Inconsistent CNI plugins versions between the nodes due to competition between Calico and Multus
Summary
It was observed in Sylva 1.4.1 that depending on the node, some CNI plugin had different versions across the cluster. For example host-local or portmap (probably others).
The actual workload is impacted by the discrepancy for host-local because on some nodes the priority of static routes is not taken into account.
The identified cause is a competition between Calico and Multus that install same plugins and there is an execution order impact (the last in time overwrites the binaries).
What is the current bug behavior?
Depending on the node, the CNI plugins in /opt/cni/bin don't all have the same version. It creates different behavior depending on the node where the workload is hosted.
Detected because on some nodes host-local CNI does not honor the priority parameter of static routes.
What is the expected correct behavior?
On all node, the CNI plugins in /opt/cni/bin have the same version, clearly determined and controlled by the Sylva version used.
Relevant logs and/or screenshots
It is observed that there are 2 sources for same CNI plugin, one source is docker.io/rancher/mirrored-calico-cni:v3.29.3 from calico-node, the other one is rancher/hardened-cni-plugins:v1.7.1-build20250509 from cni-plugins in multus. Depending on which pod runs last, the CNI plugin in /opt/cni/bin is overwritten.
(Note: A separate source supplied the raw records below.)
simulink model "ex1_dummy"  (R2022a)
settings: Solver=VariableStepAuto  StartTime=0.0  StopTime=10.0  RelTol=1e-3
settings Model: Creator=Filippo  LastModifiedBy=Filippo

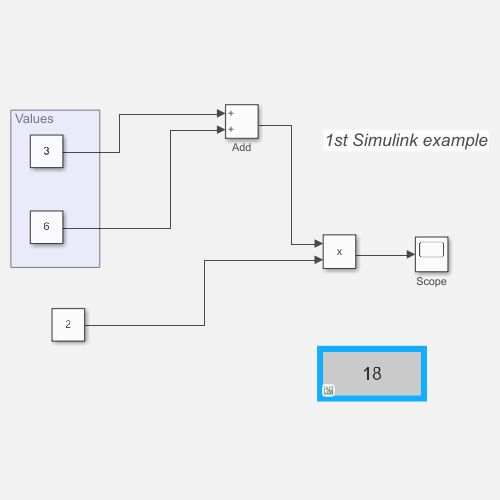
[thumbnail: Simulink's stored preview of the top-level diagram]
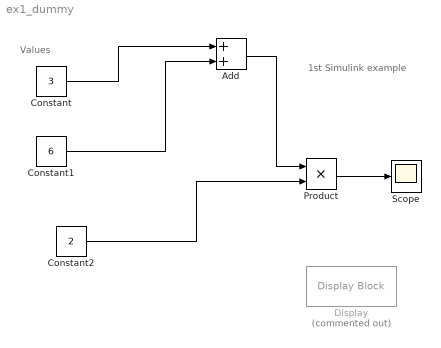
== system ex1_dummy ==
  note: Values
  note: 1st Simulink example
  Add : Sum
  Constant : Constant  Value=3
  Constant1 : Constant  Value=6
  Constant2 : Constant  Value=2
  Display : DisplayBlock  Commented=on  LabelPosition=Hide  Transparency=1
  Product : Product
  Scope : Scope
  wires:
  Constant/1 -> Add/1
  Constant1/1 -> Add/2
  Add/1 -> Product/1
  Constant2/1 -> Product/2
  Product/1 -> Scope/1

Example of host-local plugin being different binaries on 2 nodes:
workerX:/opt/cni/bin # ./host-local -v
CNI host-local plugin v1.7.1 <<<<< set by Multus
CNI protocol versions supported: 0.1.0, 0.2.0, 0.3.0, 0.3.1, 0.4.0, 1.0.0, 1.1.0
workerY:/opt/cni/bin # ./host-local -v
CNI host-local plugin v3.29.3 <<<<< set by Calico
Possible fixes
Multus package should be the prefered source because most recent versions and often updated. It would be nice if we could prevent Calico to manage the conflicting CNI plugins in cases where Multus is enabled.